Yanin's words were briefer and more practical, which Freagon appreciated. He also referenced Freagon with the appropriate honorific, which he also appreciated.
“The boy can fight,” Freagon replied when Jaelnec's viability as a combatant was called into question, “but I'd prefer to avoid it.” Which was why Jaelnec had instructions to watch from a safe distance. The page had never participated in a real fight before, but he had sparred with Freagon and studied the knight fighting countless times.
The rest were more-or-less just musings on their options and what to expect, which Freagon listened to attentively more as a way to learn about the people speaking than what they were speaking about. It was interesting. But as much as he loathed spending more precious time talking, he figured he had better add his own observations and opinions to the mix.
“The Melenian is the last person here as far as we know,” he reminded everyone, not to convey new information but simply to establish the basis for the conclusions that followed. “The sobbing does not sound Melenian. And if it is fully summoned, that only leaves one person to be sacrificed for that to happen.”

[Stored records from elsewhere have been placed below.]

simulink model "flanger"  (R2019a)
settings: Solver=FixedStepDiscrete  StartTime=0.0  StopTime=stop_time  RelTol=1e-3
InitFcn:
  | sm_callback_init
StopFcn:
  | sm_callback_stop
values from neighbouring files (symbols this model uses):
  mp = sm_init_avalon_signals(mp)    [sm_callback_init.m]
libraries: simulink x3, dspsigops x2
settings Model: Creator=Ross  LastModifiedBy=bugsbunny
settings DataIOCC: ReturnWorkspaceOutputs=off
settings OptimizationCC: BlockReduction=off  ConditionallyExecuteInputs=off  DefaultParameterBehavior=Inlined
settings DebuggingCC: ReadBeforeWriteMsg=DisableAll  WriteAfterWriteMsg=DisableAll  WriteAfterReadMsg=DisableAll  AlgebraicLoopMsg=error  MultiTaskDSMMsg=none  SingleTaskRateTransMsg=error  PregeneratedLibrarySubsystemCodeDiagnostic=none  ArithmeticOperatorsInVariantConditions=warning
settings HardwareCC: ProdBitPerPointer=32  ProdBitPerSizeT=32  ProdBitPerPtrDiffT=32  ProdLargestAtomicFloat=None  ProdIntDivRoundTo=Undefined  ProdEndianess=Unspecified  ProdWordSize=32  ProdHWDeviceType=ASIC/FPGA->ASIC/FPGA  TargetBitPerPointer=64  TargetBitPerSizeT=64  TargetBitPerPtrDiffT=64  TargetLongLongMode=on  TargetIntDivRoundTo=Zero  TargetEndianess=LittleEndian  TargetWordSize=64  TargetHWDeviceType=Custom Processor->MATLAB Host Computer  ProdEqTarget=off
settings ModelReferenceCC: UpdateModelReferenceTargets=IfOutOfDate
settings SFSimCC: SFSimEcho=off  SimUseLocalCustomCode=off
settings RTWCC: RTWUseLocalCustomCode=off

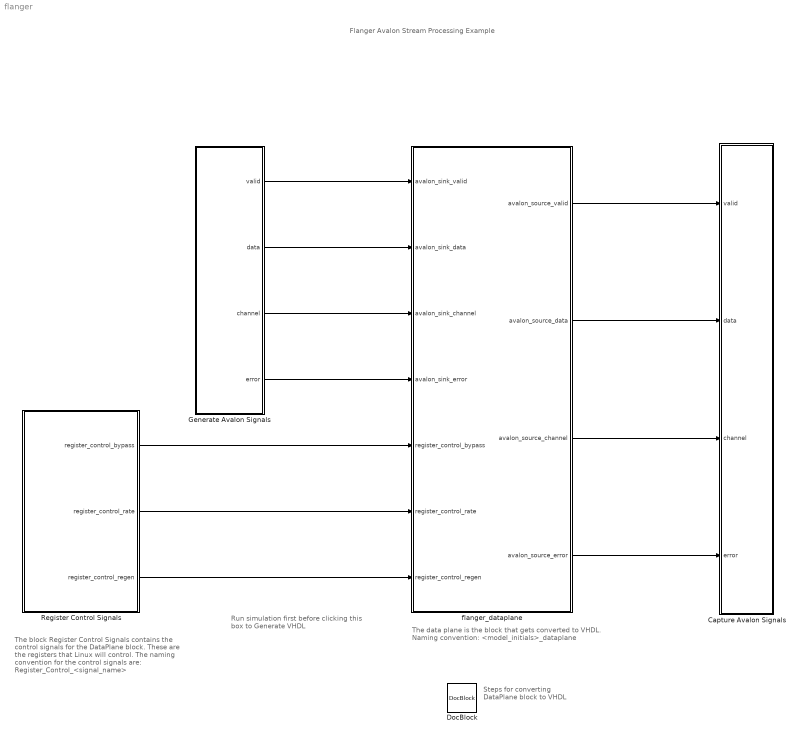
== system flanger ==
  note: The data plane is the block that gets converted to VHDL. Naming convention: <model_initials>_dataplane
  note: Steps for converting
      | DataPlane block
      | to VHDL
  note: Flanger
      | Avalon Stream Processing Example
  note: Run simulation first
      | before clicking this box to
      | Generate VHDL
  note: The block Register Control Signals contains
      | the control signals for the DataPlane block.
      | These are the registers that Linux will control.
      | The naming convention for the control
      | signals are:  Register_Control_<signal_name>
  Capture Avalon Signals : Subsystem
  DocBlock : simulink/Model-Wide Utilities/DocBlock  DocumentType=HTML
  Generate Avalon Signals : Subsystem
  Register Control Signals : Subsystem
  flanger_dataplane : Subsystem  TreatAsAtomicUnit=on
  wires:
  Generate Avalon Signals/2(data) -> flanger_dataplane/2(avalon_sink_data)
  Generate Avalon Signals/1(valid) -> flanger_dataplane/1(avalon_sink_valid)
  Generate Avalon Signals/3(channel) -> flanger_dataplane/3(avalon_sink_channel)
  Generate Avalon Signals/4(error) -> flanger_dataplane/4(avalon_sink_error)
  flanger_dataplane/2(avalon_source_data) -> Capture Avalon Signals/2(data)
  flanger_dataplane/1(avalon_source_valid) -> Capture Avalon Signals/1(valid)
  flanger_dataplane/3(avalon_source_channel) -> Capture Avalon Signals/3(channel)
  flanger_dataplane/4(avalon_source_error) -> Capture Avalon Signals/4(error)
  Register Control Signals/1(register_control_bypass) -> flanger_dataplane/5(register_control_bypass)
  Register Control Signals/2(register_control_rate) -> flanger_dataplane/6(register_control_rate)
  Register Control Signals/3(register_control_regen) -> flanger_dataplane/7(register_control_regen)

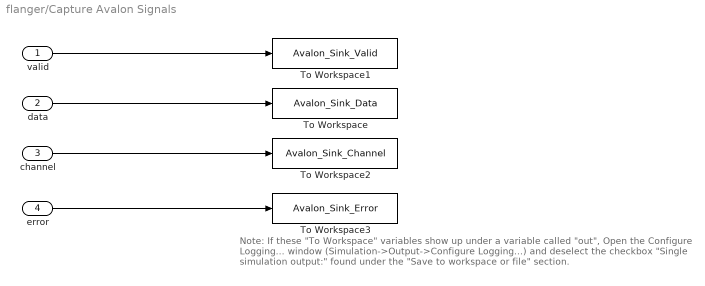
== system flanger/Capture Avalon Signals ==
  note: Note:  If these "To Workspace" variables show up under a variable called "out",
      | Open the Configure Logging... window (Simulation->Output->Configure Logging...)
      | and deselect the checkbox "Single simulation output:" found under the "Save to workspace or file" section.
  valid : Inport
  data : Inport  Port=2
  channel : Inport  Port=3
  error : Inport  Port=4
  To Workspace : ToWorkspace  VariableName=Avalon_Sink_Data  SaveFormat=Timeseries  SampleTime=-1
  To Workspace1 : ToWorkspace  VariableName=Avalon_Sink_Valid  SaveFormat=Timeseries  SampleTime=-1
  To Workspace2 : ToWorkspace  VariableName=Avalon_Sink_Channel  SaveFormat=Timeseries  SampleTime=-1
  To Workspace3 : ToWorkspace  VariableName=Avalon_Sink_Error  SaveFormat=Timeseries  SampleTime=-1
  wires:
  data/1 -> To Workspace/1
  valid/1 -> To Workspace1/1
  error/1 -> To Workspace3/1
  channel/1 -> To Workspace2/1

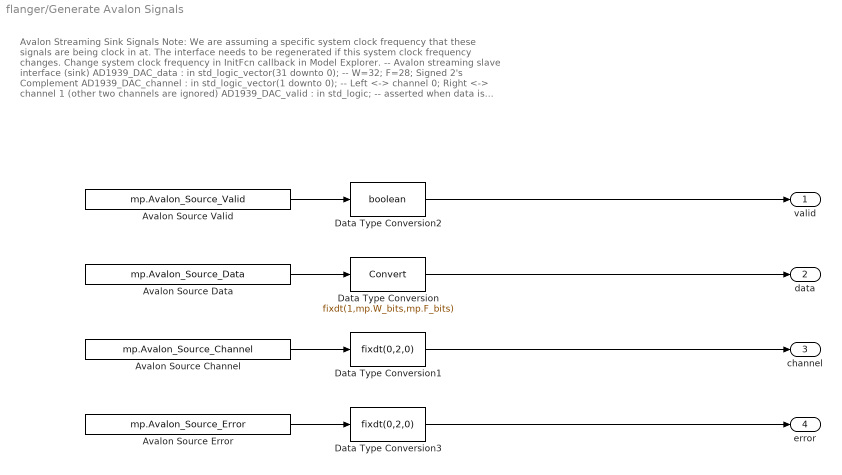
== system flanger/Generate Avalon Signals ==
  note: Avalon Streaming Sink Signals
      | Note: We are assuming a specific system clock frequency that these signals are being clock in at.
      | The interface needs to be regenerated if this system clock frequency changes. Change system clock frequency in InitFcn callback in Model Explorer.
      |
      | -- Avalon streaming slave interface (sink)
      | AD1939_DAC_data : in std_logic_vector(31 downto 0); -- W=32; F=28; Signed 2's Complement
      | AD1939_DAC_channel : in std_logic_vector(1 downto 0); -- Left <-> channel 0; Right <-> channel 1 (other two channels are ignored)
      | AD1939_DAC_valid : in std_logic; -- asserted when data is valid
      | AD1939_DAC_error : in std_logic_vector(1 downto 0) -- error channel is ignored, assumed to be error free at this point
      |
      | For more information on the data-channel-valid protocol, s ee chapter 5 in Intel's Avalon Interfaced Specification (p. 40) at https://www.intel.com/content/dam/www/programmable/us/en/pdfs/literature/manual/mnl_avalon_spec.pdf
  Avalon Source Channel : FromWorkspace  VariableName=mp.Avalon_Source_Channel  OutDataTypeStr=double  SampleTime=mp.Ts_system
  "Avalon Source Data " : FromWorkspace  VariableName=mp.Avalon_Source_Data  OutDataTypeStr=double  SampleTime=mp.Ts_system
  Avalon Source Error : FromWorkspace  VariableName=mp.Avalon_Source_Error  OutDataTypeStr=double  SampleTime=mp.Ts_system
  Avalon Source Valid : FromWorkspace  VariableName=mp.Avalon_Source_Valid  OutDataTypeStr=double  SampleTime=mp.Ts_system
  Data Type Conversion : DataTypeConversion  OutDataTypeStr=fixdt(1,mp.W_bits,mp.F_bits)
  Data Type Conversion1 : DataTypeConversion  OutDataTypeStr=fixdt(0,2,0)
  Data Type Conversion2 : DataTypeConversion  OutDataTypeStr=boolean
  Data Type Conversion3 : DataTypeConversion  OutDataTypeStr=fixdt(0,2,0)
  valid : Outport
  data : Outport  Port=2
  channel : Outport  Port=3
  error : Outport  Port=4
  wires:
  Data Type Conversion1/1 -> channel/1
  Data Type Conversion2/1 -> valid/1
  Avalon Source Error/1 -> Data Type Conversion3/1
  Data Type Conversion/1 -> data/1
  Avalon Source Valid/1 -> Data Type Conversion2/1
  Data Type Conversion3/1 -> error/1
  Avalon Source Channel/1 -> Data Type Conversion1/1
  "Avalon Source Data "/1 -> Data Type Conversion/1

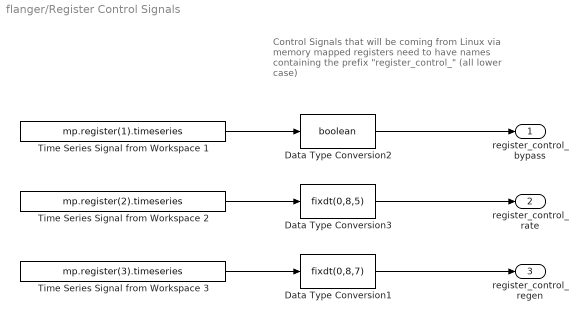
== system flanger/Register Control Signals ==
  note: Control Signals that will be coming from Linux via
      | memory mapped registers need to have names
      | containing the prefix "register_control_"
      | (all lower case)
  Data Type Conversion1 : DataTypeConversion  OutDataTypeStr=fixdt(0,8,7)
  Data Type Conversion2 : DataTypeConversion  OutDataTypeStr=boolean
  Data Type Conversion3 : DataTypeConversion  OutDataTypeStr=fixdt(0,8,5)
  Time Series Signal from Workspace 1 : FromWorkspace  VariableName=mp.register(1).timeseries  OutDataTypeStr=double  SampleTime=mp.Ts_system
  Time Series Signal from Workspace 2 : FromWorkspace  VariableName=mp.register(2).timeseries  OutDataTypeStr=double  SampleTime=mp.Ts_system
  Time Series Signal from Workspace 3 : FromWorkspace  VariableName=mp.register(3).timeseries  OutDataTypeStr=double  SampleTime=mp.Ts_system
  register_control_bypass : Outport
  register_control_rate : Outport  Port=2
  register_control_regen : Outport  Port=3
  wires:
  Time Series Signal from Workspace 1/1 -> Data Type Conversion2/1
  Data Type Conversion2/1 -> register_control_bypass/1
  Time Series Signal from Workspace 2/1 -> Data Type Conversion3/1
  Data Type Conversion3/1 -> register_control_rate/1
  Time Series Signal from Workspace 3/1 -> Data Type Conversion1/1
  Data Type Conversion1/1 -> register_control_regen/1

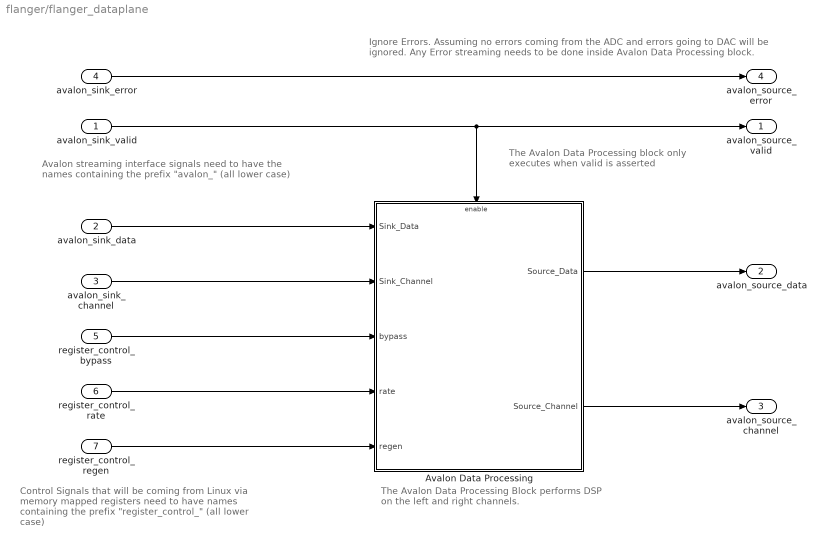
== system flanger/flanger_dataplane ==
  note: Control Signals that will be coming from Linux via
      | memory mapped registers need to have names
      | containing the prefix "register_control_"
      | (all lower case)
  note: The Avalon Data Processing Block
      | performs DSP on the left and right channels.
  note: The Avalon Data Processing block
      | only executes when valid is asserted
  note: Ignore Errors.
      | Assuming no errors coming from the ADC and errors going to DAC will be ignored.
      | Any Error streaming needs to be done inside Avalon Data Processing block.
  note: Avalon streaming interface signals need to have the
      | names containing the prefix "avalon_"
      | (all lower case)
  avalon_sink_valid : Inport
  avalon_sink_data : Inport  Port=2
  avalon_sink_channel : Inport  Port=3
  avalon_sink_error : Inport  Port=4
  register_control_bypass : Inport  Port=5
  register_control_rate : Inport  Port=6
  register_control_regen : Inport  Port=7
  Avalon Data Processing : Subsystem  TreatAsAtomicUnit=on
  avalon_source_valid : Outport
  avalon_source_data : Outport  Port=2
  avalon_source_channel : Outport  Port=3
  avalon_source_error : Outport  Port=4
  wires:
  avalon_sink_channel/1 -> Avalon Data Processing/2(Sink_Channel)
  avalon_sink_error/1 -> avalon_source_error/1
  Avalon Data Processing/1(Source_Data) -> avalon_source_data/1
  avalon_sink_valid/1 -> avalon_source_valid/1, Avalon Data Processing/Enable
  avalon_sink_data/1 -> Avalon Data Processing/1(Sink_Data)
  Avalon Data Processing/2(Source_Channel) -> avalon_source_channel/1
  register_control_bypass/1 -> Avalon Data Processing/3(bypass)
  register_control_rate/1 -> Avalon Data Processing/4(rate)
  register_control_regen/1 -> Avalon Data Processing/5(regen)

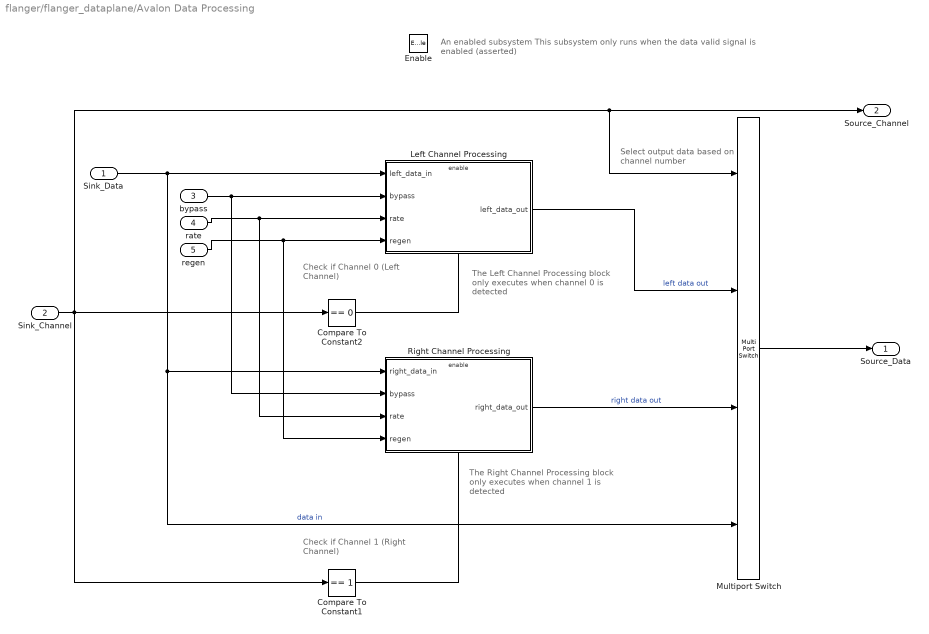
== system flanger/flanger_dataplane/Avalon Data Processing ==
  note: Select output data
      | based on channel number
  note: Check if Channel 0
      | (Left Channel)
  note: The Left Channel Processing block
      | only executes when channel 0
      | is detected
  note: The Right Channel Processing block
      | only executes when channel 1
      | is detected
  note: Check if Channel 1
      | (Right Channel)
  note: An enabled subsystem
      | This subsystem only runs when the data valid signal is enabled (asserted)
  Sink_Data : Inport
  Sink_Channel : Inport  Port=2
  bypass : Inport  Port=3
  rate : Inport  Port=4
  regen : Inport  Port=5
  Enable : EnablePort
  Compare To Constant1 : simulink/Logic and Bit Operations/Compare To Constant  relop===  const=1  OutDataTypeStr=boolean
  Compare To Constant2 : simulink/Logic and Bit Operations/Compare To Constant  relop===  const=0  OutDataTypeStr=boolean
  Left Channel Processing : Subsystem  TreatAsAtomicUnit=on
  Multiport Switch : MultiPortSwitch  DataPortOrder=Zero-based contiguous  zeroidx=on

Though not a practitioner of magic himself, Freagon was quite familiar with most of the basic mechanics of pretty much all schools of magic either from experience or from what he had learned to be able to know what to expect and how to deal with it. The only price exacted for summoning divine spirits into wraiths and ghouls was magical energy, meaning it could be done as long as that energy was available. A full summoning, however, required a sacrifice proportional to the divine summoned; specifically, such a summoning always required life. Someone had to die and their bodies serve as the material for the divine to construct its vessel from. With a lesser divine such as a thalk a single sapient life should suffice, but whoever served as sacrifice would not only be killed in the process, but even their remains would be consumed in the process.
Add to that the clumps of bloody fur on the landing and the bloody pawprints leading to the door, and he figured the conclusion to draw was obvious.
“The Melenian is dead. This is a trap.” To him those matters were not debatable, they were certainties. “It's not going to move. I'll kill it.”